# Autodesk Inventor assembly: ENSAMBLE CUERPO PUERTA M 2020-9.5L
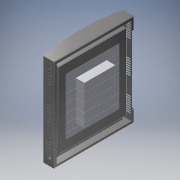
[picture p0: Inventor's stored thumbnail of the model, 180x180]
Saved by Autodesk Inventor 2017 (Build 210142000, 142)
## iProperties
Created: 2021-02-12
Part Number: ENSAMBLE CUERPO PUERTA M 2020-9.5L
Description: STEP AP203
Document SubType Name: Assembly
Designer: USUARIO
Sending System: SolidWorks 2013
Preprocessor: SwSTEP 2.0
Title: ENSAMBLE CUERPO PUERTA M 2020-9.5L.STEP
Revision Number: ANY
## Documents named in this file (9)
- D:\Laboratorio\Mufla\2021\Mufla 9L Psoc Artilab #0045884XX OP202139\Modelo\ENSAMBLE CUERPO PUERTA M 2020-9.5L.iam
- D:\Laboratorio\Mufla\2021\Mufla 9L Psoc Artilab #0045884XX OP202139\Modelo\FRONTAL PUERTA M 2020-9.5L.ipt
- D:\Laboratorio\Mufla\2021\Mufla 9L Psoc Artilab #0045884XX OP202139\Modelo\LATERAL PUERTA M 2020-9.5L.ipt
- D:\Laboratorio\Mufla\2021\Mufla 9L Psoc Artilab #0045884XX OP202139\Modelo\SOPORTE INTERIOR CONTRATAPA M 2020-9.5L.ipt
- D:\Laboratorio\Mufla\2021\Mufla 9L Psoc Artilab #0045884XX OP202139\Modelo\CONTRATAPA EXTERIOR M 2020-9.5L_PredeterminadoSM-CHAPA-DESPLEGADA.ipt
- D:\Laboratorio\Mufla\2021\Mufla 9L Psoc Artilab #0045884XX OP202139\Modelo\CONTRATAPA INTERIOR M 2020-9.5L_PredeterminadoSM-CHAPA-DESPLEGADA.ipt
- D:\Laboratorio\Mufla\2021\Mufla 9L Psoc Artilab #0045884XX OP202139\Modelo\PiezaPuerta-1.ipt
- D:\Laboratorio\Mufla\2021\Mufla 9L Psoc Artilab #0045884XX OP202139\Modelo\PiezaPuerta-2.ipt
- D:\Laboratorio\Mufla\2021\Mufla 9L Psoc Artilab #0045884XX OP202139\Modelo\PiezaPuerta-3.ipt
## Components (15 placed, 10 different names)
1. FRONTAL PUERTA M 2020-9.5L_1
2. LATERAL PUERTA M 2020-9.5L_2
3. LATERAL PUERTA M 2020-9.5L_3
4. SOPORTE INTERIOR CONTRATAPA M 2020-9.5L_4
5. SOPORTE INTERIOR CONTRATAPA M 2020-9.5L_5
6. CONTRATAPA EXTERIOR M 2020-9.5L_PredeterminadoSM-CHAPA-DESPLEGADA_6 — Mate:18
7. CONTRATAPA INTERIOR M 2020-9.5L_PredeterminadoSM-CHAPA-DESPLEGADA_7 — Mate:1, Mate:2, Mate:3, Mate:4, Mate:5, Mate:6, Mate:8, Mate:9, Mate:11, Mate:12, Mate:15, Mate:16, Mate:20, Mate:21, Mate:23, Mate:24
8. PiezaPuerta-1:1 — Mate:1, Mate:2, Mate:19
9. PiezaPuerta-2:1 — Mate:3, Mate:4, Mate:7, Mate:17
10. PiezaPuerta-2:2 — Mate:5, Mate:6, Mate:7, Mate:10
11. PiezaPuerta-2:3 — Mate:8, Mate:9, Mate:10, Mate:13
12. PiezaPuerta-2:4 — Mate:11, Mate:12, Mate:13, Mate:18, Mate:22
13. PiezaPuerta-3:1 — Mate:15, Mate:16, Mate:17, Mate:19
14. PiezaPuerta-1:2 — Mate:20, Mate:21, Mate:22, Mate:25
15. PiezaPuerta-1:3 — Mate:23, Mate:24, Mate:25
## Relationships (24: Mate 24)
- Mate:1: CONTRATAPA INTERIOR M 2020-9.5L_PredeterminadoSM-CHAPA-DESPLEGADA_7 ↔ PiezaPuerta-1:1
- Mate:2: CONTRATAPA INTERIOR M 2020-9.5L_PredeterminadoSM-CHAPA-DESPLEGADA_7 ↔ PiezaPuerta-1:1
- Mate:3: CONTRATAPA INTERIOR M 2020-9.5L_PredeterminadoSM-CHAPA-DESPLEGADA_7 ↔ PiezaPuerta-2:1
- Mate:4: CONTRATAPA INTERIOR M 2020-9.5L_PredeterminadoSM-CHAPA-DESPLEGADA_7 ↔ PiezaPuerta-2:1
- Mate:5: CONTRATAPA INTERIOR M 2020-9.5L_PredeterminadoSM-CHAPA-DESPLEGADA_7 ↔ PiezaPuerta-2:2
- Mate:6: CONTRATAPA INTERIOR M 2020-9.5L_PredeterminadoSM-CHAPA-DESPLEGADA_7 ↔ PiezaPuerta-2:2
- Mate:7 (0.5 mm): PiezaPuerta-2:1 ↔ PiezaPuerta-2:2
- Mate:8: CONTRATAPA INTERIOR M 2020-9.5L_PredeterminadoSM-CHAPA-DESPLEGADA_7 ↔ PiezaPuerta-2:3
- Mate:9: CONTRATAPA INTERIOR M 2020-9.5L_PredeterminadoSM-CHAPA-DESPLEGADA_7 ↔ PiezaPuerta-2:3
- Mate:10 (0.5 mm): PiezaPuerta-2:2 ↔ PiezaPuerta-2:3
- Mate:11: CONTRATAPA INTERIOR M 2020-9.5L_PredeterminadoSM-CHAPA-DESPLEGADA_7 ↔ PiezaPuerta-2:4
- Mate:12: CONTRATAPA INTERIOR M 2020-9.5L_PredeterminadoSM-CHAPA-DESPLEGADA_7 ↔ PiezaPuerta-2:4
- Mate:13 (0.5 mm): PiezaPuerta-2:3 ↔ PiezaPuerta-2:4
- Mate:15: CONTRATAPA INTERIOR M 2020-9.5L_PredeterminadoSM-CHAPA-DESPLEGADA_7 ↔ PiezaPuerta-3:1
- Mate:16: CONTRATAPA INTERIOR M 2020-9.5L_PredeterminadoSM-CHAPA-DESPLEGADA_7 ↔ PiezaPuerta-3:1
- Mate:17 (0.5 mm): PiezaPuerta-2:1 ↔ PiezaPuerta-3:1
- Mate:18 (105 mm): CONTRATAPA EXTERIOR M 2020-9.5L_PredeterminadoSM-CHAPA-DESPLEGADA_6 ↔ PiezaPuerta-2:4
- Mate:19 (0.5 mm): PiezaPuerta-1:1 ↔ PiezaPuerta-3:1
- Mate:20: CONTRATAPA INTERIOR M 2020-9.5L_PredeterminadoSM-CHAPA-DESPLEGADA_7 ↔ PiezaPuerta-1:2
- Mate:21: CONTRATAPA INTERIOR M 2020-9.5L_PredeterminadoSM-CHAPA-DESPLEGADA_7 ↔ PiezaPuerta-1:2
- Mate:22 (0.5 mm): PiezaPuerta-2:4 ↔ PiezaPuerta-1:2
- Mate:23: CONTRATAPA INTERIOR M 2020-9.5L_PredeterminadoSM-CHAPA-DESPLEGADA_7 ↔ PiezaPuerta-1:3
- Mate:24: CONTRATAPA INTERIOR M 2020-9.5L_PredeterminadoSM-CHAPA-DESPLEGADA_7 ↔ PiezaPuerta-1:3
- Mate:25 (0.5 mm): PiezaPuerta-1:2 ↔ PiezaPuerta-1:3
-------
▶ **YOUR ASSIGNMENT**:
Only those lines of the entries above that run from the line containing "- Mate:3: CONTRATAPA" to the line containing "- Mate:22 (0.5", both included, should be transcribed exactly.

▶ **RESULT OF THE EXERCISE**:
- Mate:3: CONTRATAPA INTERIOR M 2020-9.5L_PredeterminadoSM-CHAPA-DESPLEGADA_7 ↔ PiezaPuerta-2:1
- Mate:4: CONTRATAPA INTERIOR M 2020-9.5L_PredeterminadoSM-CHAPA-DESPLEGADA_7 ↔ PiezaPuerta-2:1
- Mate:5: CONTRATAPA INTERIOR M 2020-9.5L_PredeterminadoSM-CHAPA-DESPLEGADA_7 ↔ PiezaPuerta-2:2
- Mate:6: CONTRATAPA INTERIOR M 2020-9.5L_PredeterminadoSM-CHAPA-DESPLEGADA_7 ↔ PiezaPuerta-2:2
- Mate:7 (0.5 mm): PiezaPuerta-2:1 ↔ PiezaPuerta-2:2
- Mate:8: CONTRATAPA INTERIOR M 2020-9.5L_PredeterminadoSM-CHAPA-DESPLEGADA_7 ↔ PiezaPuerta-2:3
- Mate:9: CONTRATAPA INTERIOR M 2020-9.5L_PredeterminadoSM-CHAPA-DESPLEGADA_7 ↔ PiezaPuerta-2:3
- Mate:10 (0.5 mm): PiezaPuerta-2:2 ↔ PiezaPuerta-2:3
- Mate:11: CONTRATAPA INTERIOR M 2020-9.5L_PredeterminadoSM-CHAPA-DESPLEGADA_7 ↔ PiezaPuerta-2:4
- Mate:12: CONTRATAPA INTERIOR M 2020-9.5L_PredeterminadoSM-CHAPA-DESPLEGADA_7 ↔ PiezaPuerta-2:4
- Mate:13 (0.5 mm): PiezaPuerta-2:3 ↔ PiezaPuerta-2:4
- Mate:15: CONTRATAPA INTERIOR M 2020-9.5L_PredeterminadoSM-CHAPA-DESPLEGADA_7 ↔ PiezaPuerta-3:1
- Mate:16: CONTRATAPA INTERIOR M 2020-9.5L_PredeterminadoSM-CHAPA-DESPLEGADA_7 ↔ PiezaPuerta-3:1
- Mate:17 (0.5 mm): PiezaPuerta-2:1 ↔ PiezaPuerta-3:1
- Mate:18 (105 mm): CONTRATAPA EXTERIOR M 2020-9.5L_PredeterminadoSM-CHAPA-DESPLEGADA_6 ↔ PiezaPuerta-2:4
- Mate:19 (0.5 mm): PiezaPuerta-1:1 ↔ PiezaPuerta-3:1
- Mate:20: CONTRATAPA INTERIOR M 2020-9.5L_PredeterminadoSM-CHAPA-DESPLEGADA_7 ↔ PiezaPuerta-1:2
- Mate:21: CONTRATAPA INTERIOR M 2020-9.5L_PredeterminadoSM-CHAPA-DESPLEGADA_7 ↔ PiezaPuerta-1:2
- Mate:22 (0.5 mm): PiezaPuerta-2:4 ↔ PiezaPuerta-1:2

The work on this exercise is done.